# Höchster befahrbare Trail ...



## Dougster (13. Oktober 2009)

.... in Bayern, Österreich, Italien oder Schweiz.
Wo finde ich den hoechsten Punkt in oben besagten Regionen (wohne in Muenchen) , den man mit dem Bike befahren kann (ein bisschen Schieben inklusive )  ).
Danke fuer Antwort

Höhenmetermaschine Dougster


----------



## Pflogger (13. Oktober 2009)

Wenn ich " höchster " in Verbindung mit Deutschland lese fällt mir spontan die Zugspitze ein

http://www.gps-tour.info/de/touren/detail.712.html

http://www.mountainbikeurlaub.com/m...ountainbike-tirol/mountainbike-zugspitze.html


----------



## MTB-News.de




----------



## rsu (13. Oktober 2009)

Mit nur ein bisschen Schieben (bergauf) wirds aber nix mit der Zugspitze oder man hat einen guten Draht zu den Jungs von der Bergbahn 

Schau eingach mal in den Hochtouren Beitrag unter Galerie, dort findest Du einige der höchsten "bikebaren" Berge in D, CH und AU wenn auch ohne Namensbezeichnung. Die Zugspitze ist auch dabei


----------



## jan84 (13. Oktober 2009)

Befahrbar ist relativ . Das Madritschjoch ist mit rund 3200m ein Klassiker, hoch und runter quasi komplett fahrbar und runter super spaßig. 
Wenn du noch weiter hoch willst würd ich dir empfehlen Wanderkarten zu wälzen und dich selbst zu fragen was du a) technisch fahren kannst und b) wie das Verhältniss Biken zu wandern bei der Tour aussehen soll. Wandern mim Bike auffm Rucksack kann auch toll sein .

grüße,
Jan


----------



## Romarius (13. Oktober 2009)

du könntest auf die Aiguille du Midi in Chamonix hoch, höchster Lift der Alpen. Weit zum Mont Blanc ists von aus aus auch nicht mehr. Da dort schon Leute vor dir mit Bike oben waren udn der Pfad gut ersichtlich sein sollte, zähle ich das mal als "Trail"


----------



## sixwasnine (14. Oktober 2009)

jan84 schrieb:


> Befahrbar ist relativ . Das Madritschjoch ist mit rund 3200m ein Klassiker, hoch und runter quasi komplett fahrbar und runter super spaßig.


 
Komplett hoch fahrbar, naja. Die alten Heldensagen ala Zahn & Co. Der Ein oder Andere fährt das Teil noch bei 3000 Hm hoch. Selbst der olle Stanciu rät zur Seilbahn.


----------



## Dougster (14. Oktober 2009)

Danke schon mal. 
Zugspitz waere schoen aber nur mit Gondel. Madritscher Joch hatte ich mir auch schon ueberlegt. 
Nochmals Danke

Dougster


----------



## H33 (14. Oktober 2009)

Colle Sommelier bei Bardonechia im Val di Susa. Knapp über 3000 m hoch und wirklich bis oben hin fahrbar (Schotterpiste).


----------



## kurt1 (14. Oktober 2009)

Theodul Pass zwischen Zermatt und Cervina. Über 3300mh.
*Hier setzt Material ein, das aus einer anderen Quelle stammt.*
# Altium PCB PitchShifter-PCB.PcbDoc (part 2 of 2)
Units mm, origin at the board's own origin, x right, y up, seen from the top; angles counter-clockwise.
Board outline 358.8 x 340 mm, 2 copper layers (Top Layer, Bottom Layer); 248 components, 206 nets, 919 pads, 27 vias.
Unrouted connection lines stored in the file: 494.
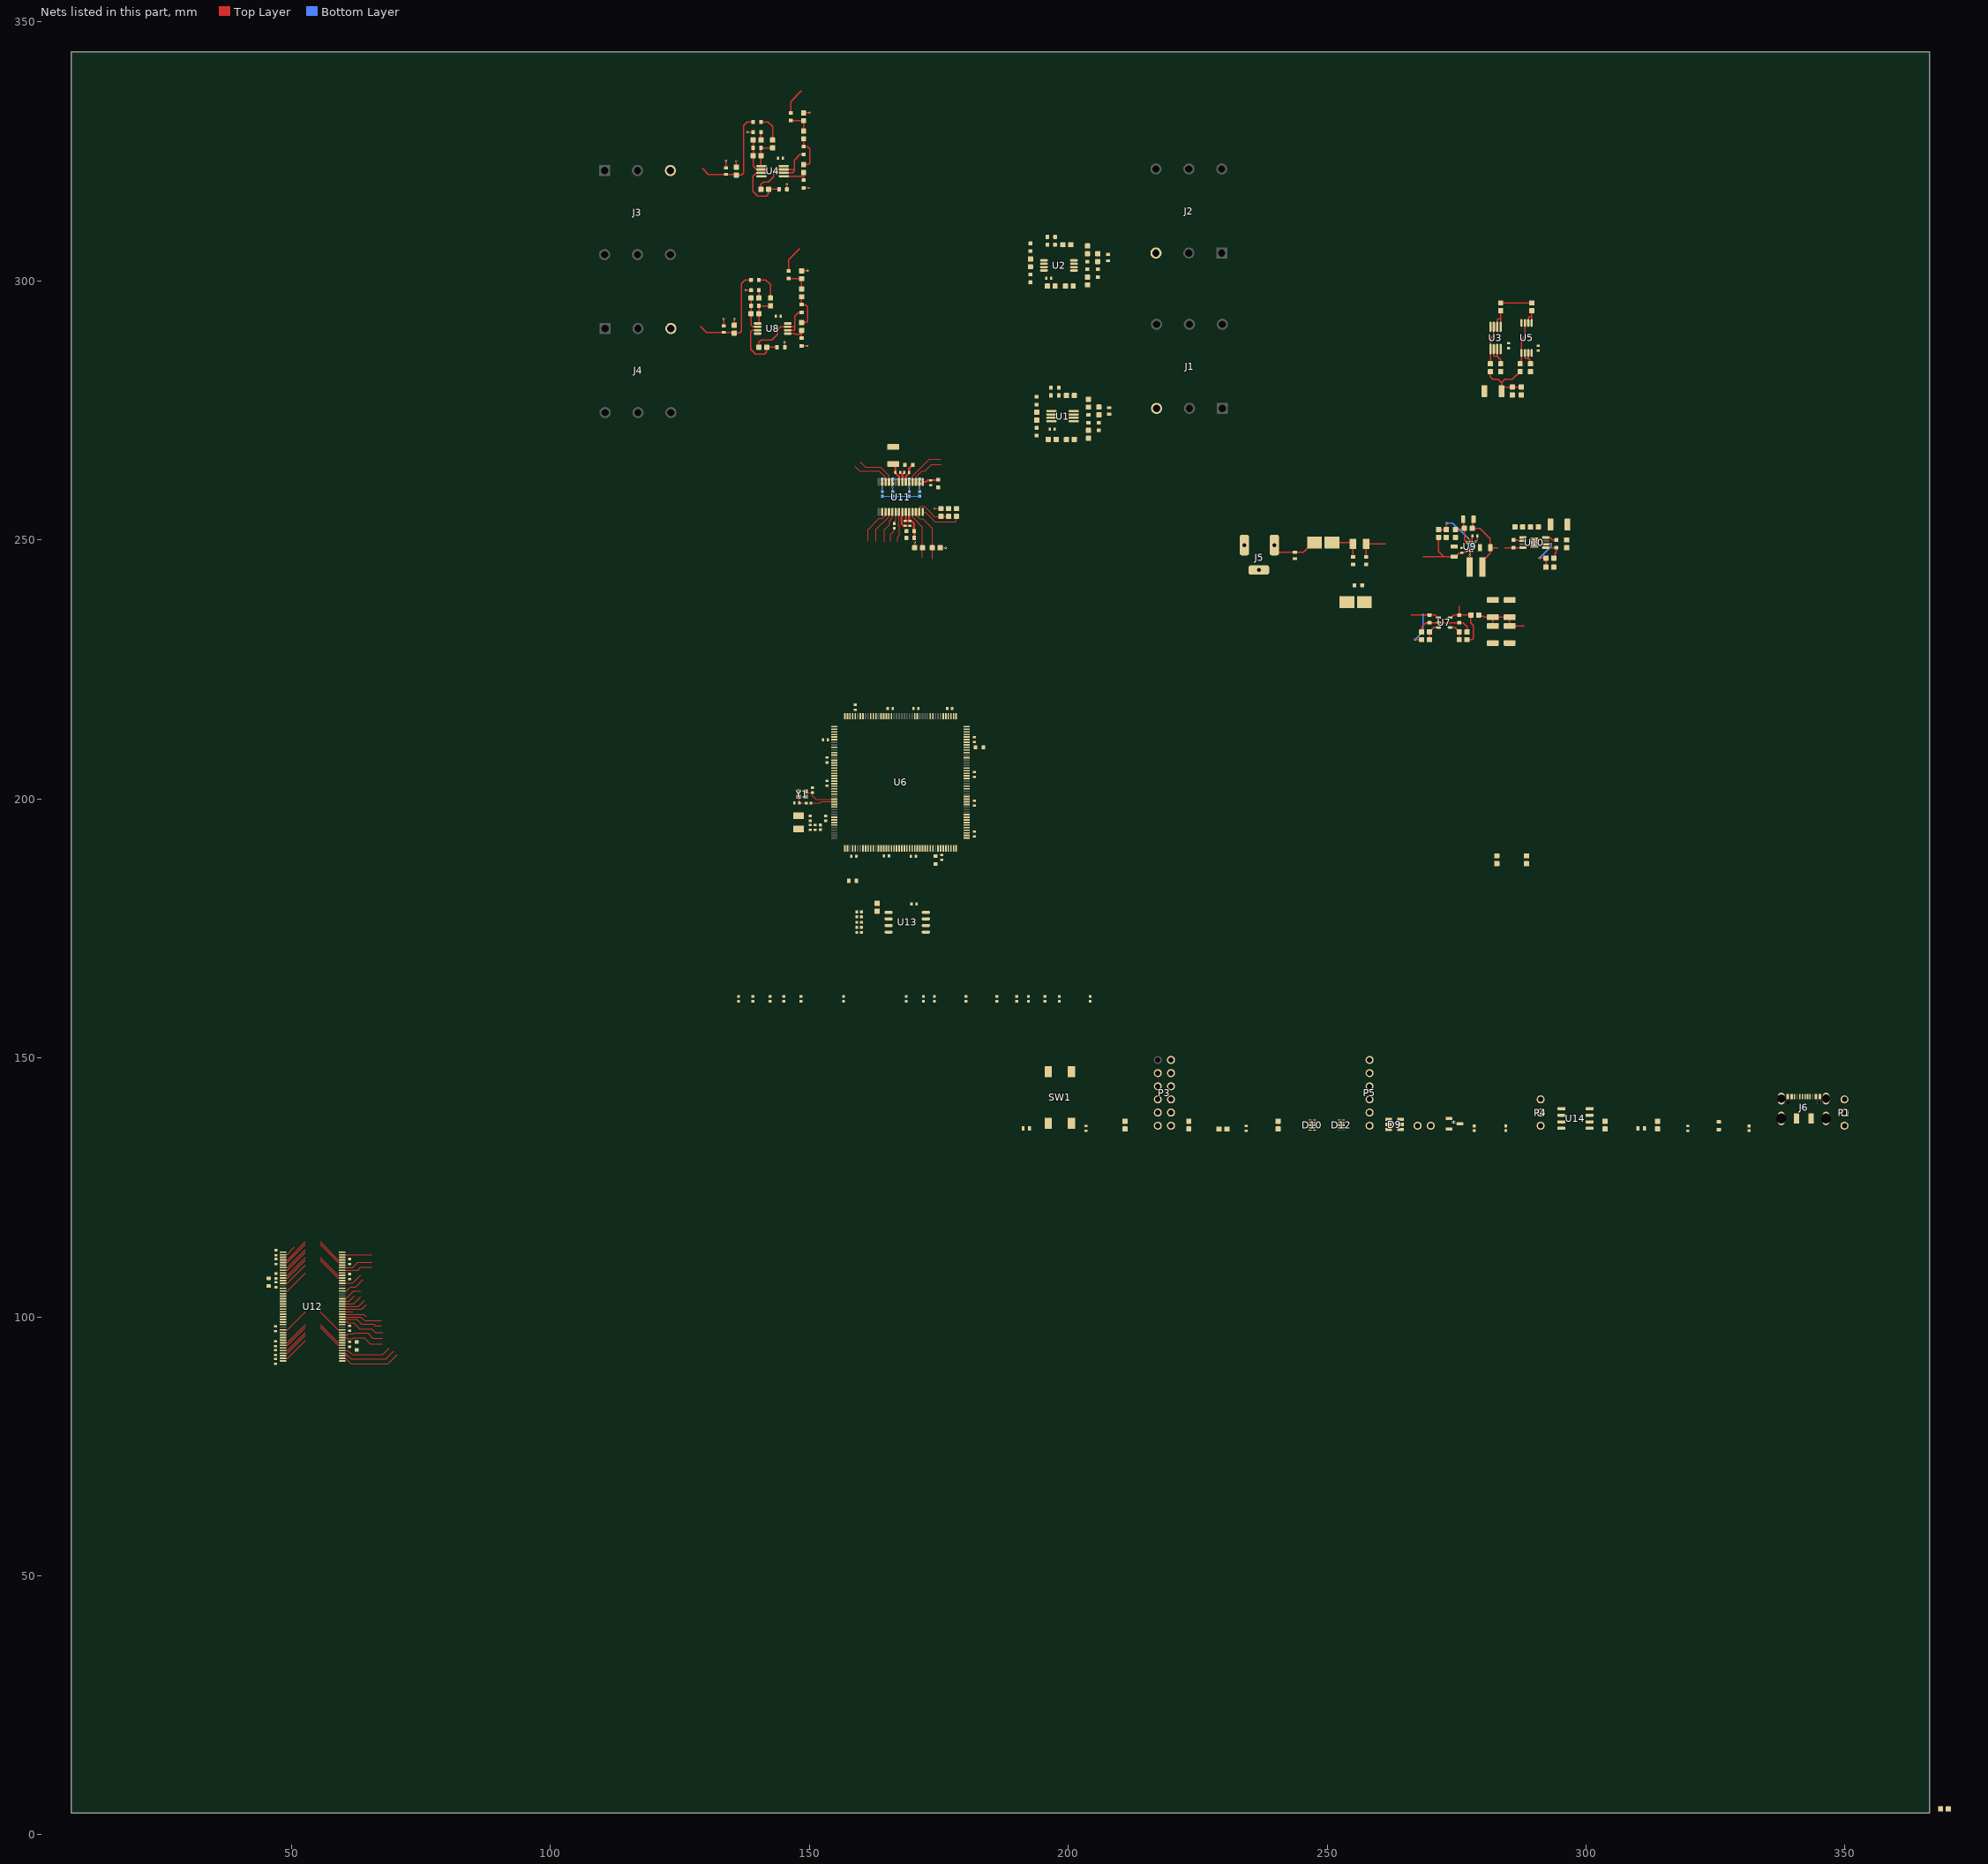
[diagram p2: the nets of this part, all layers, seen from the top]

## Part data
*: library part CMP-004-00034-1, "Automotive, dual, 3-pF, ±24-V, ±30-kV ESD protection diode for in-vehicle networks 3-SOT-23 -55 to 150", Case/Package=SOT-23, Manufacturer Lifecycle Status=ACTIVE, Height=1.22mm, Interface=CAN, Length=2.92mm, Lifecycle Status=Production, Pins=3, RoHS=Compliant, Thickness=1mm, Width=1.3mm
C1 C8 C15 C18 C26 C36 C37 C38 C39 C40 C41 C42 C43 C44 C45 C46 C47 C48 C49 C50 C53 C55 C56 C57 C67 C68 C69 C70 C71 C72 C73 C74 C75 C76 C77 C79 C82 C84 C95 C97 C99 C100 C103: library part CMP-001-00084-2, "MLCC 0402 50V / Samsung CL05B104KB54PNC"
C2 C6 C9 C13 C19 C24 C27 C32: library part CMP-001-00085-2, "MLCC 0603 50V / Samsung CL10C152JB8NNNC"
C3 C10 C17 C21 C22 C25 C29 C30 C33 C34 C35 C51 C52 C54 C66 C78 C86 C87 C92 C93 C98: library part CMP-001-00085-2, "Capacitor SMD Tantalum 0603 50V / Kyocera AVX F981C225MMA"
C4 C11: library part CMP-001-00085-2, "MLCC 0603 50V / TDK C1608C0G1H103JT000N"
C5 C7 C12 C14 C20 C23 C28 C31: library part CMP-001-00085-2, "MLCC 0603 50V / Samsung CL10C221JB8NNNC"
C16: library part CMP-001-00088-1, "MLCC 1210 10V / Samsung CL32A107MQVNNNE"
C58 C60 C63 C101: library part CMP-001-00085-2, "MLCC 0603"
C59 C61 C62 C64 C102: library part CMP-001-00084-2, "MLCC 0402"
C65 C88 C89 C90 C91 C94: library part CMP-001-00088-1, "1210, X5R:EIA, 100uF, DC6.3V, GRM32ER60J107ME20"
C80 C96: library part CMP-001-00084-2, "Capacitor, MLCC, 5.6pF, 50V, NPO, 5%, 0402, T=0,5mm"
C81 C83 C85: library part CMP-001-00086-2, "MLCC 0805"
D1 D2 D3 D4: library part CMP-12225-000013-1, "BORN 0603ESDA-05N Diode TVS / ESD Bidirectional 0603", Breakdown Voltage=6.4V, Clamping Voltage=10.2V, Manufacturer=STMicroelectronics, Manufacturer Part Number=ESDA7P60-1U1M, Max Junction Temp=+150°C, Package=1610, Peak Pulse Current=60A, Peak Pulse Power=700W, Reverse Standoff Voltage=5V, Temperature="-55°C to +150°C", Temperature Range Low=-55°C, Automotive=No, Category=Diode, ComponentLink2Description=Datasheet, ComponentLink2URL=http://www.st.com/content/ccc/resource/technical/document/datasheet/44/e9/26/44/42/ee/4f/e5/DM00139972.pdf/files/DM00139972.pdf/jcr:content/translations/en.DM00139972.pdf, Device Class L1="Circuit Protection", Device Class L2="TVS Diodes", Device Class L3=unset, Digikey Description="TVS DIODE 5V 11.6V 1610", Direction=Unidirectional, Height=0.65mm, Lead Free=Yes, Number Of Channels=1, Octopart=https://octopart.com/esda7p60-1u1m-stmicroelectronics-52112702, RoHS=TRUE, Standoff Height=0mm, Temperature Range High=+150°C
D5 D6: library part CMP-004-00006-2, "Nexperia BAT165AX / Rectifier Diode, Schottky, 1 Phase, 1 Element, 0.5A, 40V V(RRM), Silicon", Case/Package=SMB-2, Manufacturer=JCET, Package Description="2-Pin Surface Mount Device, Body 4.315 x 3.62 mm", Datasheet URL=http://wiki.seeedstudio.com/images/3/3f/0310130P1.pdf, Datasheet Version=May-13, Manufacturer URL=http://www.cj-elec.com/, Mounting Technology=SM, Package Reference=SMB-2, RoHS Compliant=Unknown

Der Zebru und der Fürkle sind auch über 3000 m hoch und (teilweise) fahrbar.

CU Kurt


----------



## jan84 (15. Oktober 2009)

sixwasnine schrieb:


> Komplett hoch fahrbar, naja. Die alten Heldensagen ala Zahn & Co. Der Ein oder Andere fährt das Teil noch bei 3000 Hm hoch. Selbst der olle Stanciu rät zur Seilbahn.



Wir ham unten auch die Seilbahn genommen, aber wer so einen Thread eröffnet und ihn mit "Höhenmetermaschine" unterschreibt, der wird vermutlich auf die Seilbahn verzichten. 
Das eigentliche Highlight ist mMn aber sowieso weder die Auffahrt noch die Höhe sondern die Abfahrt.

grüße,
Jan


----------



## fatz (15. Oktober 2009)

jan84 schrieb:


> Das eigentliche Highlight ist mMn aber sowieso weder die Auffahrt noch die Höhe sondern die Abfahrt.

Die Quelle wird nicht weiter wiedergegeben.